A multi-institutional study led by a Massachusetts General Hospital (MGH) investigator finds significant racial disparities in the risk that patients being treated for gout will develop a serious, sometimes life-threatening adverse reaction to the most commonly prescribed medication. The increased risk closely correlates with the frequency of a gene variant previously associated with that adverse reaction, supporting recommendations to screen for that variant in patients from those populations.
"We found that Asian and black patients have a substantially higher risk of severe cutaneous adverse reactions to urate-lowering drugs than do white or Hispanic patients, which correlates with the frequency of the HLA-B*5801 gene in their U.S. populations," says Hyon K. Choi, MD, DrPH, of the MGH Division of Rheumatology, Allergy and Immunology, senior author of the report that has been published online in Seminars in Arthritis and Rheumatism. "This risk is almost certainly due to allopurinol, the dominant urate-lowering drug in the U.S., and screening gout patients from those populations for the HLA-B*5801 variant could help increase treatment safety."
Caused by excessive levels of uric acid in the body, gout involves the deposition of uric acid crystals in the joints, leading to inflammation and significant pain. Treatment can involve dietary changes - including reduced protein intake and alcohol consumption - anti-inflammatory and pain-relieving drugs, as well as urate-lowering medications. More than 95 percent of U.S. prescriptions for such drugs are for allopurinol.
Severe cutaneous reactions to allopurinol - which are called toxic epidermal necrolysis (TEN) and Stevens-Johnson syndrome (SJS) - are rare, but can be extremely serious. In TEN, overwhelming inflammation causes the outer layer of skin to separate from the underlying layers, leaving the body open to severe infections. SJS/TEN can be fatal more than 30 percent of the time and may involve other major organs, potentially leaving survivors with long-term damage to the kidneys or eyes.
Studies have associated the HLA-B*5801 variant with the risk of these reactions in particular Asian populations - Koreans, Japanese, Thai and Han Chinese - and in some Europeans; and the current study was designed to investigate whether the frequency of the HLA-B*5801 variant across races leads to significant racial disparities in the risk of severe cutaneous reactions to urate-lowering drugs in a representative U.S. population. The researchers examined data covering 2009 to 2013 from the Nationwide Inpatient Sample of the Agency for Healthcare Research and Quality.
From that database of between 5 and 8 million hospitalizations each year, they identified 606 with a principal diagnosis of SJS/TEN related to an adverse reaction to urate-lowering drugs. While the database does not include information on specific medications, the frequency with which allopurinol is prescribed implies that most, if not all, of those reactions involved that drug, the authors note.

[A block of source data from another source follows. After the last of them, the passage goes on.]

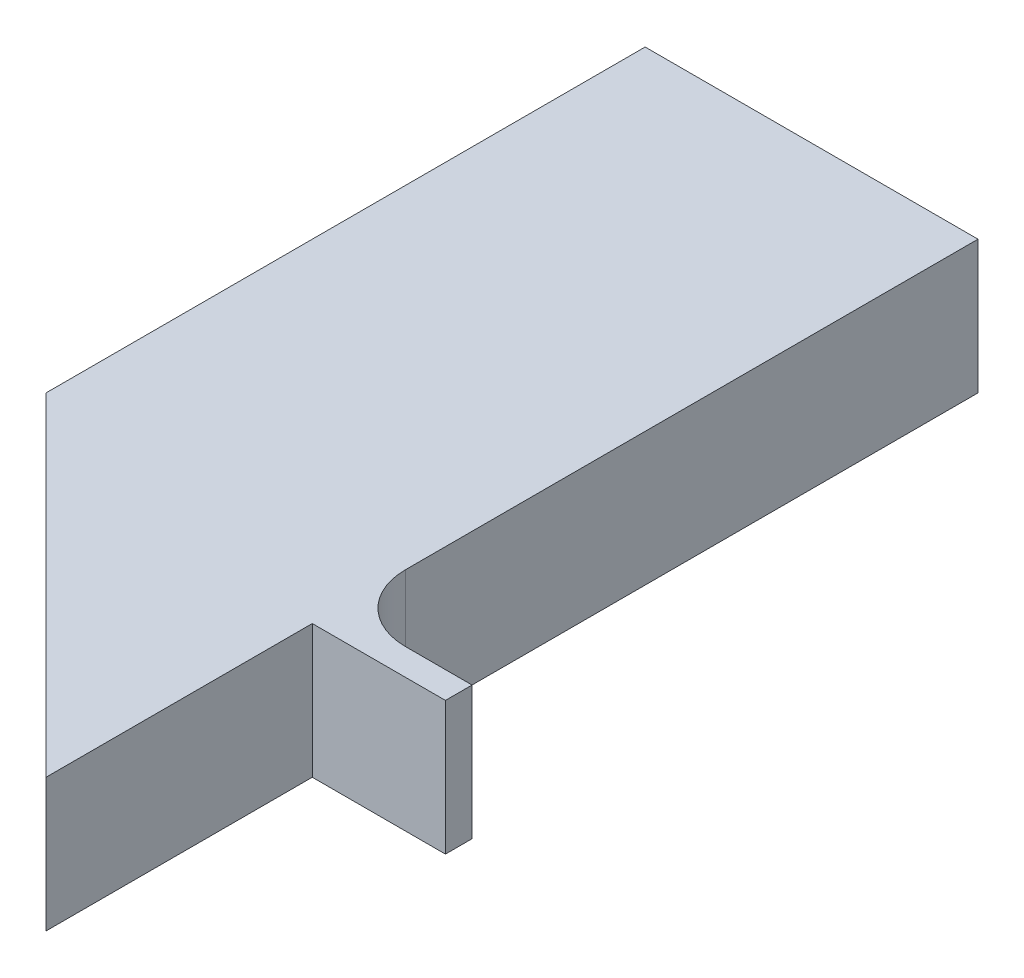
SolidWorks part; units mm, degrees
ref_plane "Front Plane" through (0, 0, 0) normal (0, 0, 1) x (1, 0, 0)
ref_plane "Top Plane" through (0, 0, 0) normal (0, 1, 0) x (1, 0, 0)
ref_plane "Right Plane" through (0, 0, 0) normal (1, 0, 0) x (0, 0, -1)
sketch "Sketch1" plane through (0, 0, 0) normal (0, 1, 0) x (1, 0, 0)
  line L0 (-50, 50) -> (0, 0)
  line L1 (-50, 140) -> (0, 140)
  line L2 (-50, 140) -> (-50, 50)
  line L4 (0, 140) -> (0, 0)
  dimension "D1" = 50
  dimension "D2" = 45
  dimension "D3" = 140
extrude "Boss-Extrude1" add sketch "Sketch1" along normal blind 20
sketch "Sketch2" plane through (0, 0, 0) normal (1, 0, 0) x (0, 0, -1)
  line L0 (0, 20) -> (140, 20) construction
  line L1 (40, 20) -> (44, 20)
  line L2 (40, 20) -> (40, 0)
  line L3 (40, 0) -> (44, 0)
  line L4 (44, 20) -> (44, 0)
  line L5 (0, 0) -> (140, 0) construction
  line L6 (0, 20) -> (0, 0) construction
  dimension "D1" = 40
  dimension "D2" = 4
extrude "Boss-Extrude2" add sketch "Sketch2" along normal blind 20
sketch "Sketch3" plane through (-50, 0, 0) normal (-1, 0, 0) x (0, 0, 1)
  line L0 (0, 20) -> (0, 0) construction
  line L1 (-46, 16) -> (0, 16)
  line L2 (-46, 16) -> (-46, 4)
  line L3 (-46, 4) -> (0, 4)
  line L4 (0, 16) -> (0, 4)
  line L5 (-50, 20) -> (0, 20) construction
  line L6 (-50, 0) -> (0, 0) construction
  line L7 (-50, 20) -> (-50, 0) construction
  dimension "D1" = 4
  dimension "D2" = 4
  dimension "D3" = 4
extrude "Cut-Extrude1" cut sketch "Sketch3" against normal offset from surface (46 mm away) 4 up to face at (0, 10, -20)
sketch "Sketch4" plane through (0, 0, 0) normal (0, -1, 0) x (1, 0, 0)
  line L0 (-36, -140) -> (-36, -36) construction
  line L3 (20, -44) -> (0, -44) construction
  line L4 (0, -140) -> (-50, -140) construction
  line L5 (-50, -50) -> (0, 0) construction
  line L6 (-50, -140) -> (-50, -50) construction
  circle A0 centre (-36, -59) radius 11
  circle A1 centre (-36, -119) radius 11
  dimension "D1" = 22
  dimension "D2" = 22
  dimension "D3" = 15
  dimension "D4" = 60
  dimension "D5" = 14
extrude "Cut-Extrude2" cut sketch "Sketch4" against normal blind 8
fillet "Fillet1" radius 10 1 edges at (0, 10, -44)
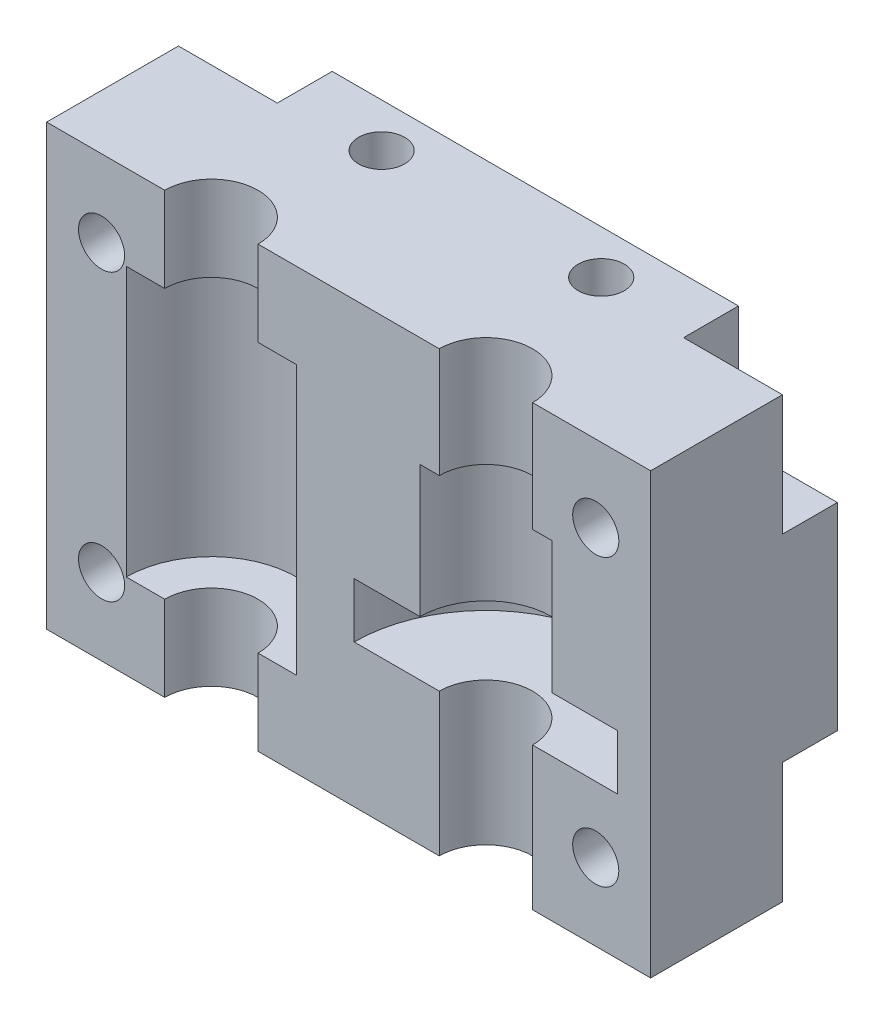
SolidWorks part; units mm, degrees
ref_plane "Plan de face" through (0, 0, 0) normal (0, 0, 1) x (1, 0, 0)
ref_plane "Plan de dessus" through (0, 0, 0) normal (0, 1, 0) x (1, 0, 0)
ref_plane "Plan de droite" through (0, 0, 0) normal (1, 0, 0) x (0, 0, -1)
sketch "Esquisse1" plane through (0, 0, 0) normal (0, 0, 1) x (1, 0, 0)
  line L1 (-27.5, -22.5) -> (27.5, -22.5)
  line L2 (-27.5, -22.5) -> (-27.5, 22.5)
  line L3 (-27.5, 22.5) -> (27.5, 22.5)
  line L4 (27.5, -22.5) -> (27.5, 22.5)
  line L5 (-27.5, -22.5) -> (27.5, 22.5) construction
  line L6 (-27.5, 22.5) -> (27.5, -22.5) construction
  point P0 (0, 0)
  dimension "D1" = 55
  dimension "D2" = 45
extrude "Boss.-Extru.1" add sketch "Esquisse1" along normal blind 12
sketch "Esquisse2" plane through (0, 22.5, 0) normal (0, 1, 0) x (1, 0, 0)
  line L0 (27.5, -12) -> (-27.5, -12) construction
  line L1 (-27.5, -12) -> (-27.5, 0) construction
  line L2 (27.5, -12) -> (27.5, 0) construction
  circle A0 centre (-12.5, -12) radius 4.25
  circle A1 centre (12.5, -12) radius 4.25
  dimension "D1" = 8.5
  dimension "D3" = 8.5
  dimension "D2" = 15
  dimension "D4" = 15
extrude "Enlèv. mat.-Extru.1" cut sketch "Esquisse2" against normal through all
sketch "Esquisse3" plane through (0, 0, 0) normal (0, 1, 0) x (1, 0, 0)
  circle A0 centre (-12.5, -12) radius 7.75
  dimension "D1" = 15.5
extrude "Enlèv. mat.-Extru.2" cut sketch "Esquisse3" against normal blind 12.25 and the other way blind 12.25
sketch "Esquisse9" plane through (0, 0, 12) normal (0, 0, 1) x (1, 0, 0)
  line L0 (-8.25, -22.5) -> (8.25, -22.5) construction
  line L1 (-30.9208, -30.2281) -> (30.1419, -30.2281)
  line L2 (-30.9208, -30.2281) -> (-30.9208, -18)
  line L3 (-30.9208, -18) -> (30.1419, -18)
  line L4 (30.1419, -30.2281) -> (30.1419, -18)
  line L5 (8.25, 22.5) -> (-8.25, 22.5) construction
  line L6 (31.3881, 26.1002) -> (-28.039, 26.1002)
  line L7 (31.3881, 26.1002) -> (31.3881, 18)
  line L8 (31.3881, 18) -> (-28.039, 18)
  line L9 (-28.039, 26.1002) -> (-28.039, 18)
  dimension "D1" = 4.5
  dimension "D2" = 4.5
extrude "Enlèv. mat.-Extru.7" cut sketch "Esquisse9" against normal blind 31
sketch "Sketch1" plane through (0, 0, 0) normal (0, 0, -1) x (-1, 0, 0)
  line L4 (-27.5, -18) -> (27.5, -18)
  line L5 (27.5, -18) -> (27.5, 18)
  line L6 (27.5, 18) -> (-27.5, 18)
  line L7 (-27.5, 18) -> (-27.5, -18)
  line L8 (-27.5, -18) -> (27.5, -18)
  line L9 (27.5, -18) -> (27.5, 18)
  line L10 (27.5, 18) -> (-27.5, 18)
  line L11 (-27.5, 18) -> (-27.5, -18)
  dimension "D1" = 0
extrude "Boss-Extrude1" add sketch "Sketch1" along normal blind 5
sketch "Sketch2" plane through (0, 0, 12) normal (0, 0, 1) x (1, 0, 0)
  line L0 (-27.5, 18) -> (-16.75, 18) construction
  line L1 (-27.5, 18) -> (-27.5, -18) construction
  line L2 (0, 18) -> (0, -18) construction
  line L3 (-8.25, 18) -> (8.25, 18) construction
  line L4 (8.25, -18) -> (-8.25, -18) construction
  line L5 (-27.5, 0) -> (27.5, 0) construction
  line L6 (27.5, -18) -> (27.5, 18) construction
  circle A0 centre (-22.5, 13) radius 2.1
  circle A1 centre (22.5, 13) radius 2.1
  circle A2 centre (22.5, -13) radius 2.1
  circle A3 centre (-22.5, -13) radius 2.1
  dimension "D1" = 4.2
  dimension "D2" = 5
  dimension "D3" = 5
extrude "Cut-Extrude1" cut sketch "Sketch2" against normal through all
sketch "Sketch3" plane through (0, 0, -5) normal (0, 0, -1) x (-1, 0, 0)
  circle A0 centre (-22.5, 13) radius 4
  circle A1 centre (22.5, 13) radius 4
  circle A2 centre (22.5, -13) radius 4
  circle A3 centre (-22.5, -13) radius 4
  dimension "D1" = 8
extrude "Cut-Extrude2" cut sketch "Sketch3" against normal blind 10
sketch "Sketch4" plane through (0, 0, -5) normal (0, 0, -1) x (-1, 0, 0)
  line L0 (-18.5, 13) -> (-18.5, 18)
  line L1 (-22.5, 9) -> (-27.5, 9)
  line L2 (-22.5, -9) -> (-27.5, -9)
  line L3 (-18.5, -13) -> (-18.5, -18)
  line L4 (-27.5, 18) -> (-27.5, -18)
  line L5 (-27.5, -18) -> (27.5, -18)
  line L6 (27.5, -18) -> (27.5, 18)
  line L7 (27.5, 18) -> (-27.5, 18)
  line L8 (-27.5, 18) -> (-27.5, 9)
  line L9 (-27.5, -18) -> (-18.5, -18)
  line L10 (27.5, -18) -> (27.5, -9)
  line L11 (27.5, 18) -> (18.5, 18)
  line L12 (18.5, -13) -> (18.5, -18)
  line L13 (22.5, -9) -> (27.5, -9)
  line L14 (22.5, 9) -> (27.5, 9)
  line L15 (18.5, 13) -> (18.5, 18)
  line L16 (-18.5, 18) -> (-27.5, 18)
  line L17 (-27.5, -9) -> (-27.5, -18)
  line L18 (18.5, -18) -> (27.5, -18)
  line L19 (27.5, 9) -> (27.5, 18)
  circle A0 centre (-22.5, 13) radius 4 construction
  circle A1 centre (-22.5, -13) radius 4 construction
  circle A2 centre (22.5, -13) radius 4 construction
  circle A3 centre (22.5, 13) radius 4 construction
  arc A4 (-18.5, 13) -> (-22.5, 9) centre (-22.5, 13) ccw
  arc A5 (-22.5, -9) -> (-18.5, -13) centre (-22.5, -13) ccw
  arc A6 (18.5, -13) -> (22.5, -9) centre (22.5, -13) ccw
  arc A7 (22.5, 9) -> (18.5, 13) centre (22.5, 13) ccw
  dimension "D1" = 0
extrude "Cut-Extrude3" cut sketch "Sketch4" against normal blind 5
sketch "Sketch5" plane through (0, 18, 0) normal (0, 1, 0) x (1, 0, 0)
  line L0 (-27.5, -12) -> (-27.5, 0) construction
  line L1 (27.5, 0) -> (27.5, 5) construction
  line L2 (-18.5, 5) -> (18.5, 5) construction
  circle A0 centre (-10, 1) radius 2.1
  circle A1 centre (10, 1) radius 2.1
  dimension "D1" = 4.2
  dimension "D2" = 4.2
  dimension "D3" = 17.5
  dimension "D4" = 17.5
  dimension "D5" = 4
  dimension "D6" = 4
extrude "Cut-Extrude4" cut sketch "Sketch5" against normal blind 10
sketch "Sketch7" plane through (0, 18, 0) normal (0, 1, 0) x (1, 0, 0)
  line L10 (18.5, 5) -> (-18.5, 5)
  line L11 (-18.5, 5) -> (-18.5, 0)
  line L12 (-18.5, 0) -> (-27.5, 0)
  line L13 (-27.5, 0) -> (-27.5, -12)
  line L14 (-27.5, -12) -> (-16.75, -12)
  line L15 (-8.25, -12) -> (8.25, -12)
  line L16 (16.75, -12) -> (27.5, -12)
  line L17 (27.5, -12) -> (27.5, 0)
  line L18 (27.5, 0) -> (18.5, 0)
  line L19 (18.5, 0) -> (18.5, 5)
  line L20 (18.5, 5) -> (-18.5, 5)
  line L21 (-18.5, 5) -> (-18.5, 0)
  line L22 (-18.5, 0) -> (-27.5, 0)
  line L23 (-27.5, 0) -> (-27.5, -12)
  line L24 (-27.5, -12) -> (-16.75, -12)
  line L25 (-8.25, -12) -> (8.25, -12)
  line L26 (16.75, -12) -> (27.5, -12)
  line L27 (27.5, -12) -> (27.5, 0)
  line L28 (27.5, 0) -> (18.5, 0)
  line L29 (18.5, 0) -> (18.5, 5)
  circle A0 centre (10, 1) radius 2.1 construction
  circle A1 centre (-10, 1) radius 2.1 construction
  arc A2 (-8.25, -12) -> (-16.75, -12) centre (-12.5, -12) ccw
  arc A3 (16.75, -12) -> (8.25, -12) centre (12.5, -12) ccw
  arc A4 (-8.25, -12) -> (-16.75, -12) centre (-12.5, -12) ccw
  arc A5 (16.75, -12) -> (8.25, -12) centre (12.5, -12) ccw
  circle A6 centre (10, 1) radius 2.1
  circle A7 centre (-10, 1) radius 2.1
  dimension "D1" = 0
extrude "Boss-Extrude4" add sketch "Sketch7" along normal blind 2
sketch "Sketch8" plane through (0, -18, 0) normal (0, -1, 0) x (1, 0, 0)
  line L10 (-27.5, 0) -> (-18.5, 0)
  line L11 (-18.5, 0) -> (-18.5, -5)
  line L12 (-18.5, -5) -> (18.5, -5)
  line L13 (18.5, -5) -> (18.5, 0)
  line L14 (18.5, 0) -> (27.5, 0)
  line L15 (27.5, 0) -> (27.5, 12)
  line L16 (27.5, 12) -> (16.75, 12)
  line L17 (8.25, 12) -> (-8.25, 12)
  line L18 (-16.75, 12) -> (-27.5, 12)
  line L19 (-27.5, 12) -> (-27.5, 0)
  line L20 (-27.5, 0) -> (-18.5, 0)
  line L21 (-18.5, 0) -> (-18.5, -5)
  line L22 (-18.5, -5) -> (18.5, -5)
  line L23 (18.5, -5) -> (18.5, 0)
  line L24 (18.5, 0) -> (27.5, 0)
  line L25 (27.5, 0) -> (27.5, 12)
  line L26 (27.5, 12) -> (16.75, 12)
  line L27 (8.25, 12) -> (-8.25, 12)
  line L28 (-16.75, 12) -> (-27.5, 12)
  line L29 (-27.5, 12) -> (-27.5, 0)
  circle A0 centre (-10, -1) radius 2.1 construction
  circle A1 centre (10, -1) radius 2.1 construction
  arc A2 (8.25, 12) -> (16.75, 12) centre (12.5, 12) ccw
  arc A3 (-16.75, 12) -> (-8.25, 12) centre (-12.5, 12) ccw
  arc A4 (8.25, 12) -> (16.75, 12) centre (12.5, 12) ccw
  arc A5 (-16.75, 12) -> (-8.25, 12) centre (-12.5, 12) ccw
  circle A6 centre (10, -1) radius 2.1
  circle A7 centre (-10, -1) radius 2.1
  dimension "D1" = 0
extrude "Boss-Extrude5" add sketch "Sketch8" along normal blind 2
ref_plane "Plan1" through (0, -2, 0) normal (0, -1, 0) x (-1, 0, 0)
sketch "Sketch9" plane through (0, 0, -5) normal (0, 0, -1) x (-1, 0, 0)
  line L0 (-27.5, 20) -> (-27.5, 9) construction
  line L1 (-13.5, 16) -> (-6.5, 16)
  line L2 (-13.5, 16) -> (-13.5, 12.8)
  line L3 (-13.5, 12.8) -> (-6.5, 12.8)
  line L4 (-6.5, 16) -> (-6.5, 12.8)
  line L5 (-18.5, 20) -> (18.5, 20) construction
  line L6 (0, 20) -> (0, -9.1772) construction
  line L7 (13.5, 12.8) -> (6.5, 12.8)
  line L8 (6.5, 16) -> (6.5, 12.8)
  line L9 (13.5, 16) -> (6.5, 16)
  line L10 (13.5, 16) -> (13.5, 12.8)
  line L11 (-27.5, 0) -> (-8.3783, 0) construction
  line L12 (-27.5, 9) -> (-27.5, -9) construction
  line L13 (13.5, -16) -> (13.5, -12.8)
  line L14 (13.5, -16) -> (6.5, -16)
  line L15 (6.5, -16) -> (6.5, -12.8)
  line L16 (13.5, -12.8) -> (6.5, -12.8)
  line L17 (-13.5, -12.8) -> (-6.5, -12.8)
  line L18 (-6.5, -16) -> (-6.5, -12.8)
  line L19 (-13.5, -16) -> (-6.5, -16)
  line L20 (-13.5, -16) -> (-13.5, -12.8)
  point P4 (-10, 16)
  dimension "D1" = 7
  dimension "D2" = 17.5
  dimension "D3" = 4
  dimension "D4" = 3.2
extrude "Cut-Extrude6" cut sketch "Sketch9" against normal blind 8
ref_plane "Plane1" through (0, 0, 0) normal (-1, 0, 0) x (0, 0, 1)
mirror "Mirror1" [suppressed] about plane through (0, 0, 0) normal (-1, 0, 0)
sketch "Esquisse10" [suppressed] plane through (0, 0, -5) normal (0, 0, -1) x (-1, 0, 0)
  line L0 (27.5, -20) -> (-27.5, 20) construction
  line L2 (15, 5) -> (-15, 5)
  line L3 (15, 5) -> (15, -5)
  line L4 (15, -5) -> (-15, -5)
  line L5 (-15, 5) -> (-15, -5)
  line L6 (15, 5) -> (-15, -5) construction
  line L7 (15, -5) -> (-15, 5) construction
  point P4 (0, 0)
  dimension "D1" = 10
  dimension "D2" = 30
extrude "Boss.-Extru.2" [suppressed] add sketch "Esquisse10" along normal blind 80
fillet "Congé1" [suppressed] radius 10
sketch "Esquisse11" [suppressed] plane through (0, -5, 0) normal (0, -1, 0) x (1, 0, 0)
  line L0 (0, -5) -> (0, -85) construction
  line L1 (-18.5, -5) -> (18.5, -5) construction
  line L2 (5, -85) -> (-5, -85) construction
  circle A0 centre (0, -70) radius 4
  dimension "D1" = 8
  dimension "D2" = 15
extrude "Enlèv. mat.-Extru.8" [suppressed] cut sketch "Esquisse11" against normal through all
sketch "Esquisse12" plane through (0, -2, 0) normal (0, 1, 0) x (1, 0, 0)
  circle A0 centre (12.5, -12) radius 6
  dimension "D1" = 12
extrude "Enlèv. mat.-Extru.9" cut sketch "Esquisse12" along normal blind 12
sketch "Esquisse13" plane through (0, -2, 0) normal (0, 1, 0) x (1, 0, 0)
  circle A0 centre (12.5, -12) radius 12
  dimension "D1" = 24
extrude "Enlèv. mat.-Extru.10" cut sketch "Esquisse13" against normal blind 5
move or copy body "Body-Move/Copy1" [suppressed] bodies to move or copy 135

Among patients with that diagnosis, there was a significant over-representation of Asian and black patients compared with whites. For example, while another database indicates that Asian patients represented only 2 percent of U.S. allopurinol users in 2011-12, they represented 27 percent of those hospitalized for SJS/TEN related to urate-lowering drugs. Black patients represented 13 percent of allopurinol users and 26 percent of hospitalizations, while white patients represented 81 percent of allopurinol users but only 29 percent of hospitalizations. The number of Hispanic patients in the hospitalization database with this diagnosis was extremely small.
Overall the risk of these dangerous reactions was 12 times higher for Asian patients and 5 times higher for black patients compared with white patients. Those differences are closely aligned with the frequency of the HLA-B*5801 variant in those populations - a 7.4 percent frequency in Asians, 4 percent in blacks, and 1 percent in both whites and Hispanics.
"Since no other urate-lowering drug is an established cause for these severe adverse reactions, our findings support the use of vigilance when considering allopurinol for Asian and black patients with gout," says Choi, who is a professor of Medicine at Harvard Medical School. "Right now, we recommend testing for the HLA-B*5801 variant among those patients, and further research may help to identify additional factors that can improve risk management. It should also be noted that our findings apply almost exclusively to patients who are starting allopurinol, since nearly all of these severe adverse events occur during the first three to six months of treatment. Patients who have been tolerating allopurinol after the initial few months almost certainly do not have to worry about these reactions."